'''
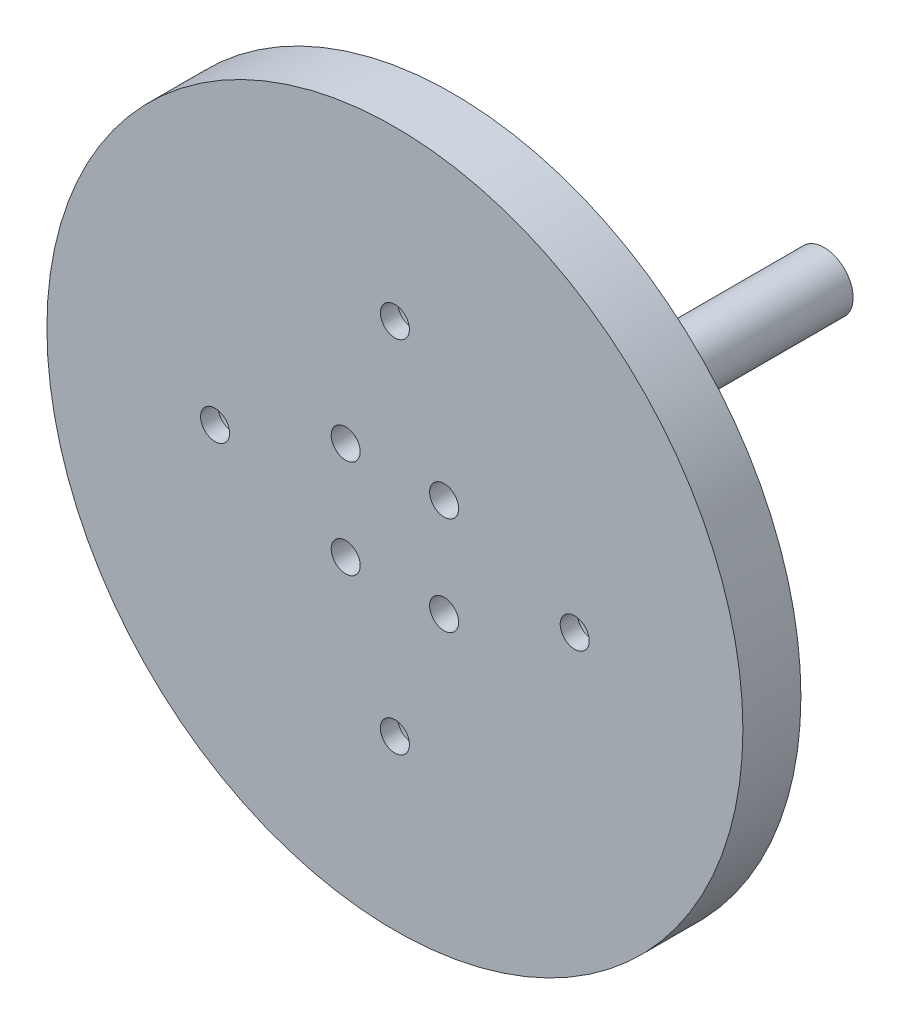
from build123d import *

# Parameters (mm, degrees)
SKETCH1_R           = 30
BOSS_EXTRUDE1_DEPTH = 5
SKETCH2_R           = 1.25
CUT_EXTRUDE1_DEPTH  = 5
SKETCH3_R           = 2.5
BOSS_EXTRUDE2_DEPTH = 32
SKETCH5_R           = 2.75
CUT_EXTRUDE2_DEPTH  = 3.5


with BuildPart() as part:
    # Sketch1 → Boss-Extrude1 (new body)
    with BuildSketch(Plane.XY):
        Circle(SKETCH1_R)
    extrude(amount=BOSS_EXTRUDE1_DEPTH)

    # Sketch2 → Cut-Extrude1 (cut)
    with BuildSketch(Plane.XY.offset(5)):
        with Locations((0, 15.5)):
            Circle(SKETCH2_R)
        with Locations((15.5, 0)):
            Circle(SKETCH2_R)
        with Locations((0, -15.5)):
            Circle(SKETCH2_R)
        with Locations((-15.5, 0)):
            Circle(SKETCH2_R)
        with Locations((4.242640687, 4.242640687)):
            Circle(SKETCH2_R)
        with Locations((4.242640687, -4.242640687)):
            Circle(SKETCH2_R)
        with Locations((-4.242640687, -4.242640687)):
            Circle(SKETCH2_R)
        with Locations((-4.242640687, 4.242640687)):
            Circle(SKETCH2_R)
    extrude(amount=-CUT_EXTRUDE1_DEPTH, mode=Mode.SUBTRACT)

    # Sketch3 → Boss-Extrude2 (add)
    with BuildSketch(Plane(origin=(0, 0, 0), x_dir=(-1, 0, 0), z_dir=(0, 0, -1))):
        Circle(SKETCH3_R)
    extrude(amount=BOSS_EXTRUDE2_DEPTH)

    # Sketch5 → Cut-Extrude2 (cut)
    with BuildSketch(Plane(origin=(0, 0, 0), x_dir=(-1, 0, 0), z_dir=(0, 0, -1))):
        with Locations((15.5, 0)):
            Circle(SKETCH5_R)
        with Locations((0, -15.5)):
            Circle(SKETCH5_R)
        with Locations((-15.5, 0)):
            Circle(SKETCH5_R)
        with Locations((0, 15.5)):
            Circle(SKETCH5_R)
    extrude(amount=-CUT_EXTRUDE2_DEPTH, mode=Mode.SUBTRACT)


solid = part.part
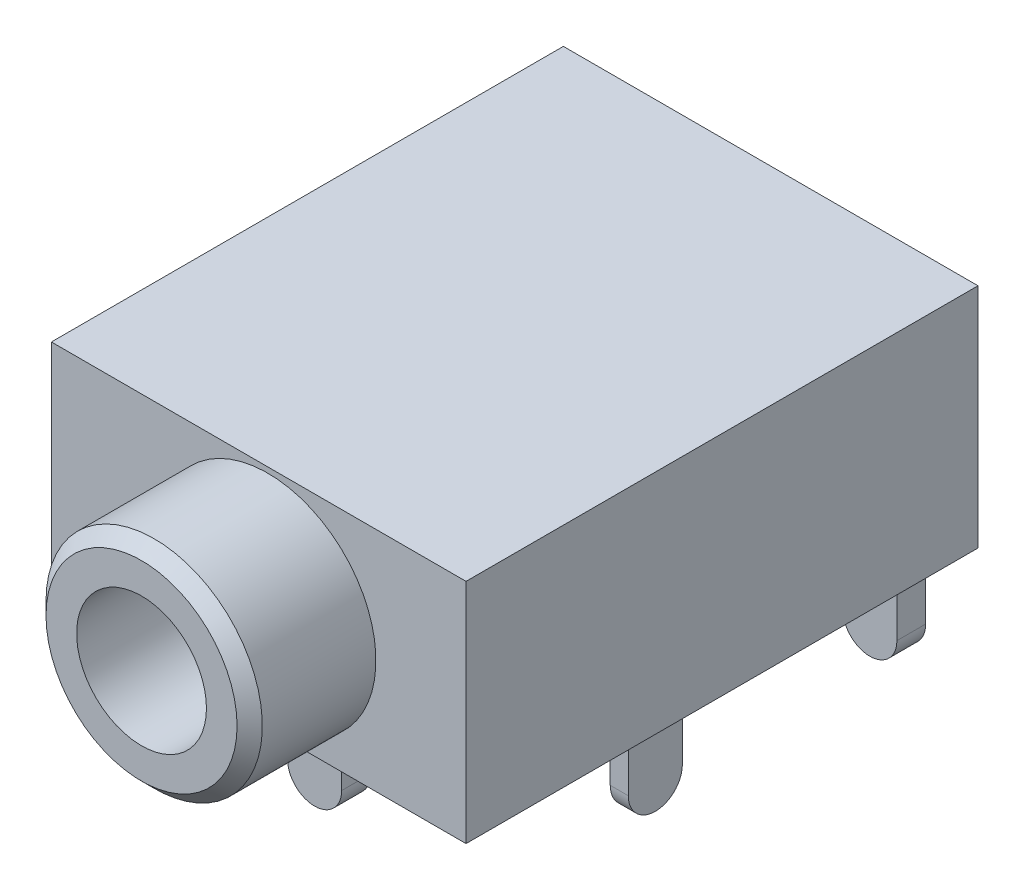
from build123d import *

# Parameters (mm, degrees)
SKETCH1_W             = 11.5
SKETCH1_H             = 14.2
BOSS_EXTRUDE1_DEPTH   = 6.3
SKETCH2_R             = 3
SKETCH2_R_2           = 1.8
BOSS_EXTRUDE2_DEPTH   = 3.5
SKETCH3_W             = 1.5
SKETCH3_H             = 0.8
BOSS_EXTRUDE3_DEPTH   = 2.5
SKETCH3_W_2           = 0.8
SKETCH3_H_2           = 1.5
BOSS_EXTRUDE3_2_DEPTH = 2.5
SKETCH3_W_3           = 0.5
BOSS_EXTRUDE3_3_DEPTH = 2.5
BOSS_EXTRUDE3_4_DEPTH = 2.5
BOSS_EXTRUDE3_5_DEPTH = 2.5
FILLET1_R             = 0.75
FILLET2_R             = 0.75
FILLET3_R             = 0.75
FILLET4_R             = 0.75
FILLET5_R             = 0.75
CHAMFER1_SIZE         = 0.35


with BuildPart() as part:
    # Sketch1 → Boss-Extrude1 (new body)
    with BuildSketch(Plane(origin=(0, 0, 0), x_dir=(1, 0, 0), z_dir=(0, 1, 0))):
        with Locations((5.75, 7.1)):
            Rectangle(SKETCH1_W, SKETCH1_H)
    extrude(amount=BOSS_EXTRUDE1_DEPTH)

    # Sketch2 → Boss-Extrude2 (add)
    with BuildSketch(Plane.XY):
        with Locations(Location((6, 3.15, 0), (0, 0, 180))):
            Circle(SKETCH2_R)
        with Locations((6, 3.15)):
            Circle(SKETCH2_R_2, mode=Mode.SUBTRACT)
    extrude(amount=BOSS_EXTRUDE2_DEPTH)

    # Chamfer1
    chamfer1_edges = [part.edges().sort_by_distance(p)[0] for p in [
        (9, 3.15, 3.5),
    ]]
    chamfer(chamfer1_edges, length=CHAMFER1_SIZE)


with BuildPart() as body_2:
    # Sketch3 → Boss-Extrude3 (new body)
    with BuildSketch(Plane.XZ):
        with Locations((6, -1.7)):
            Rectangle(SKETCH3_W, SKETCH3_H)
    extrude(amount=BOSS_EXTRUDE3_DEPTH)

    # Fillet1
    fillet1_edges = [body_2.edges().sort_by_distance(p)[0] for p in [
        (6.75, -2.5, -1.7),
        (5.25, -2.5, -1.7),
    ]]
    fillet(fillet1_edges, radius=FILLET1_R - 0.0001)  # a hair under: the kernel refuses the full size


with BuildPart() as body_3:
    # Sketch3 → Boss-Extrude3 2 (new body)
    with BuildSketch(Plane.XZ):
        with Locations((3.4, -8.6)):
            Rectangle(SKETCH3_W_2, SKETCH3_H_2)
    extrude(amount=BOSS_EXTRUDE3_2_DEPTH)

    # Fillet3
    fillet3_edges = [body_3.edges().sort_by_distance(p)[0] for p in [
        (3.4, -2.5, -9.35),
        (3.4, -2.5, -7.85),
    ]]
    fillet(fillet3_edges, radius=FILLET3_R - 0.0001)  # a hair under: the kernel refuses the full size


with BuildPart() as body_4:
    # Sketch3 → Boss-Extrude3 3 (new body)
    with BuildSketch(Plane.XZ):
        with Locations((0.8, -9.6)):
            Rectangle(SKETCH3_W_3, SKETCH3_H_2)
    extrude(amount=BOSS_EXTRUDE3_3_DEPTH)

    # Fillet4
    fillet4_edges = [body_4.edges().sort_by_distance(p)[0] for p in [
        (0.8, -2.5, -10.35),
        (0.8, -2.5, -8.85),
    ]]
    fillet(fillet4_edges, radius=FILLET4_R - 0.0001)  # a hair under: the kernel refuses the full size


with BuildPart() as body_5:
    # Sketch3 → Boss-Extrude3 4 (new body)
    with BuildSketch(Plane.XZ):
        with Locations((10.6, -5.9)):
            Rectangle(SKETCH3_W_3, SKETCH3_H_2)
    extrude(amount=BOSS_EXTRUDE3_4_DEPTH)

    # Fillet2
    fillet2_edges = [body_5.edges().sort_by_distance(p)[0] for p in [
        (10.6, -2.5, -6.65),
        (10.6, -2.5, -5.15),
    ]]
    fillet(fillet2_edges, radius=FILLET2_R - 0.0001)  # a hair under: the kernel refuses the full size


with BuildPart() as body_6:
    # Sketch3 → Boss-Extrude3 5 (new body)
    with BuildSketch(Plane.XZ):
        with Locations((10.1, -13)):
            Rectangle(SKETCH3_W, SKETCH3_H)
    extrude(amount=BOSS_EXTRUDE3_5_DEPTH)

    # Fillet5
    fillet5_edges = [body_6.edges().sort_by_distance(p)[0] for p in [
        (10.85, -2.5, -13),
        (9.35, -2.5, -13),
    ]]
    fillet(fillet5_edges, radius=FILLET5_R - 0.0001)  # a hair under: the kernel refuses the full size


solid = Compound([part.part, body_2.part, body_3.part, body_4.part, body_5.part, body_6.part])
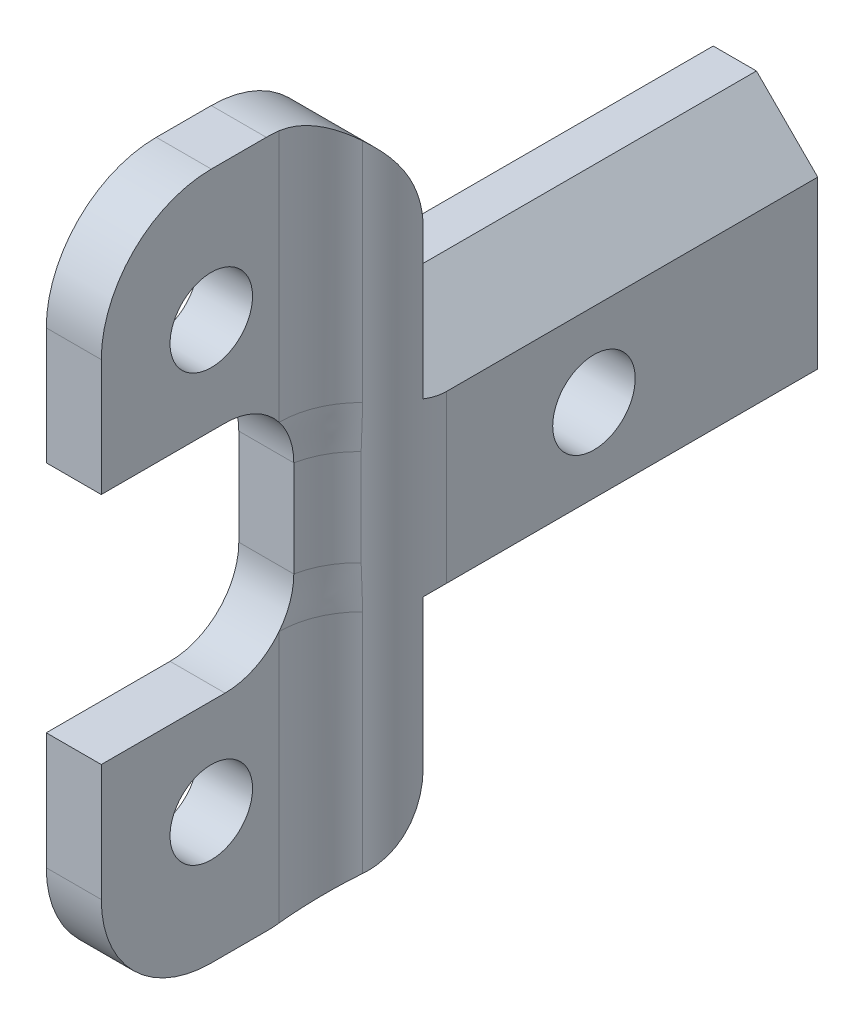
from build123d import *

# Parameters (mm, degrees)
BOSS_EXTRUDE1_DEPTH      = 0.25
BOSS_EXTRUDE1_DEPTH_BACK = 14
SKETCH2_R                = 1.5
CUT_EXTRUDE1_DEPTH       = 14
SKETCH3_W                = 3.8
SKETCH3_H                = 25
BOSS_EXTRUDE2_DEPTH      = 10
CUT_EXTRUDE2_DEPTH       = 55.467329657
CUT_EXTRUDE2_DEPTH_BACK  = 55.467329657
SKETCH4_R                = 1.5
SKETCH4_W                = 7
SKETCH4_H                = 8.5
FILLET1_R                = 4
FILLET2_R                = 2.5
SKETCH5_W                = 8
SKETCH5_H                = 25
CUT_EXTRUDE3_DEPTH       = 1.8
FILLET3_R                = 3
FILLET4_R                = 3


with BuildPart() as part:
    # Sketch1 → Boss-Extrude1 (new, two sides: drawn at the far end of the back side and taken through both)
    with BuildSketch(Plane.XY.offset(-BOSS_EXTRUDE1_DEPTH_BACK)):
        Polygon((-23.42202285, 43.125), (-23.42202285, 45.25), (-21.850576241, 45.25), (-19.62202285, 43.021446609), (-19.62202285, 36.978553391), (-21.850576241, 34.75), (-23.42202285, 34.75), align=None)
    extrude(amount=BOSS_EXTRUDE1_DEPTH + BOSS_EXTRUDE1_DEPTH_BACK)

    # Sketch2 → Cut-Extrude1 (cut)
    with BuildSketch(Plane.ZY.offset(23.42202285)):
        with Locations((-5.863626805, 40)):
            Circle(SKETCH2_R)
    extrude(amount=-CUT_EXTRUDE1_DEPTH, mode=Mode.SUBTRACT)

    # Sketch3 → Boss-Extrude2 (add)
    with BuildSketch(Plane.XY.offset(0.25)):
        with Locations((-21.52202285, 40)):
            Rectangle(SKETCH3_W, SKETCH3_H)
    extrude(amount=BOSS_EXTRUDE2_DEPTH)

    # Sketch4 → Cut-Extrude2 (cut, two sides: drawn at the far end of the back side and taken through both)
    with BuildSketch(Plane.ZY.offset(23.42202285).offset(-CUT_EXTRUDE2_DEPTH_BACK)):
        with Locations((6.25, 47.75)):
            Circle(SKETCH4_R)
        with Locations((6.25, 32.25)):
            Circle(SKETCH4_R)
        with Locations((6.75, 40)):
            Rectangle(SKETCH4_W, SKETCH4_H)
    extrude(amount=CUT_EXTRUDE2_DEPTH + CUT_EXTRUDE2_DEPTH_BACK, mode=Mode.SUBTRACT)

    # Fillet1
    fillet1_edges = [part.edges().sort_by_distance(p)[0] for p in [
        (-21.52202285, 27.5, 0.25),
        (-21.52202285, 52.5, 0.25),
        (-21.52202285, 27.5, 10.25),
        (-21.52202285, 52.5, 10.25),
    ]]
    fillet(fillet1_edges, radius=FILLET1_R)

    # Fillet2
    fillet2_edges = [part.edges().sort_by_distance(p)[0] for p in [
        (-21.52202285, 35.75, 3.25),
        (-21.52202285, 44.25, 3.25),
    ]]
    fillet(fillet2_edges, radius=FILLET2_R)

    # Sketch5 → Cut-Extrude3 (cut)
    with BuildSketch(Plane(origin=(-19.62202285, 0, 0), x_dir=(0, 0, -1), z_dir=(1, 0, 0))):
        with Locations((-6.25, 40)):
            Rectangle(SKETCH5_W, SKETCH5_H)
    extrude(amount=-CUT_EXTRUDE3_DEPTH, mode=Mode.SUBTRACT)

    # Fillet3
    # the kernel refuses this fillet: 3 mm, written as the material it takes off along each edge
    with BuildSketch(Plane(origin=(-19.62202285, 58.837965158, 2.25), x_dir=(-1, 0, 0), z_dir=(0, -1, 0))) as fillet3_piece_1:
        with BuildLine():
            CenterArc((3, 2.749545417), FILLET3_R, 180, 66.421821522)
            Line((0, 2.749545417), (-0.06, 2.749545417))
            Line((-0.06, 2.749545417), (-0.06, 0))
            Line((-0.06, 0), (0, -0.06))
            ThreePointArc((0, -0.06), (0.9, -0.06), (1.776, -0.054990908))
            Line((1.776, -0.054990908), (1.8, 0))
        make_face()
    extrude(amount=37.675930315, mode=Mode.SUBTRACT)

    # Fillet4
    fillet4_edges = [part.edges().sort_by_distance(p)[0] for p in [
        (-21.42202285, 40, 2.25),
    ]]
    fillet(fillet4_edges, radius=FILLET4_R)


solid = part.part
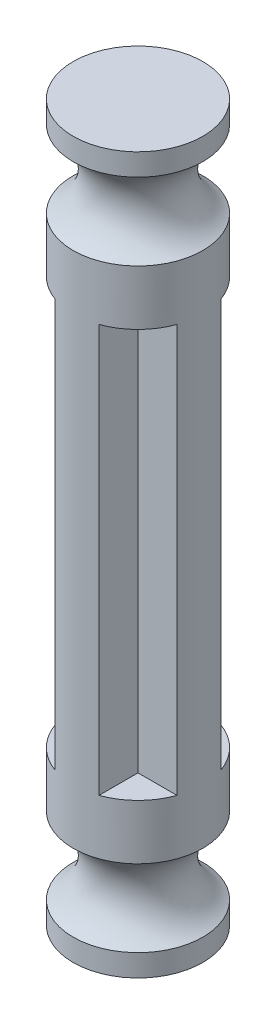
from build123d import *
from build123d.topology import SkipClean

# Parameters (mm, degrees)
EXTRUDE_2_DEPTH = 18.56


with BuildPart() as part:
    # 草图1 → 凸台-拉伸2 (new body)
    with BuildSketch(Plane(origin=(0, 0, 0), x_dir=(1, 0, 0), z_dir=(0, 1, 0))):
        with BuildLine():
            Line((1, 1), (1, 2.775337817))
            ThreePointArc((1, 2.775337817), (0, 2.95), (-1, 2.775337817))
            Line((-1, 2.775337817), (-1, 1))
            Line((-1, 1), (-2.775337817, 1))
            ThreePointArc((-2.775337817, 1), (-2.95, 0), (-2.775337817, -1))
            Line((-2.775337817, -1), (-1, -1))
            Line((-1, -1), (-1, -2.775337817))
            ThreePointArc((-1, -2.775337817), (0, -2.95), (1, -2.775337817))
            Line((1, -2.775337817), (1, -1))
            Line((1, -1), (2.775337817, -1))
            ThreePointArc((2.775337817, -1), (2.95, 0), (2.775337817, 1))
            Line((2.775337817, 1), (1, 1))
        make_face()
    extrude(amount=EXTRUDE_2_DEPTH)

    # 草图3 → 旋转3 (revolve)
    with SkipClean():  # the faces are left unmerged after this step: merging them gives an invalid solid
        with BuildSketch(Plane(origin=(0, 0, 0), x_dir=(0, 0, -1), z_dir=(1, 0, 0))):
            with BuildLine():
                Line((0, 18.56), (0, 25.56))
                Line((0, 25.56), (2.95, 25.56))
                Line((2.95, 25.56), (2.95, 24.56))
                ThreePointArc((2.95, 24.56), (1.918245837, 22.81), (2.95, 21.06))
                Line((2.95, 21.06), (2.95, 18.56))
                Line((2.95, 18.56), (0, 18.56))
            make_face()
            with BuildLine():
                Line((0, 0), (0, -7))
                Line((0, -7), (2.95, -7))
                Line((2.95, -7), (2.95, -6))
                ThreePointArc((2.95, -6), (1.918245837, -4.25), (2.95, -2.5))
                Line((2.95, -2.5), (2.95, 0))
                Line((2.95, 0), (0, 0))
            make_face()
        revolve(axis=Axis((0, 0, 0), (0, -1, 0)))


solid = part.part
'''
#### [AIM OF THE EXERCISE]
In the entries above, find each line that has the word "radius". Copy it.

#### [RESPONSE BOX]
    fillet(fillet1_edges, radius=FILLET1_R - 0.0001)  # a hair under: the kernel refuses the full size
    fillet(fillet3_edges, radius=FILLET3_R - 0.0001)  # a hair under: the kernel refuses the full size
    fillet(fillet4_edges, radius=FILLET4_R - 0.0001)  # a hair under: the kernel refuses the full size
    fillet(fillet2_edges, radius=FILLET2_R - 0.0001)  # a hair under: the kernel refuses the full size
    fillet(fillet5_edges, radius=FILLET5_R - 0.0001)  # a hair under: the kernel refuses the full size
    fillet(fillet1_edges, radius=FILLET1_R)
    fillet(fillet2_edges, radius=FILLET2_R)
    fillet(fillet4_edges, radius=FILLET4_R)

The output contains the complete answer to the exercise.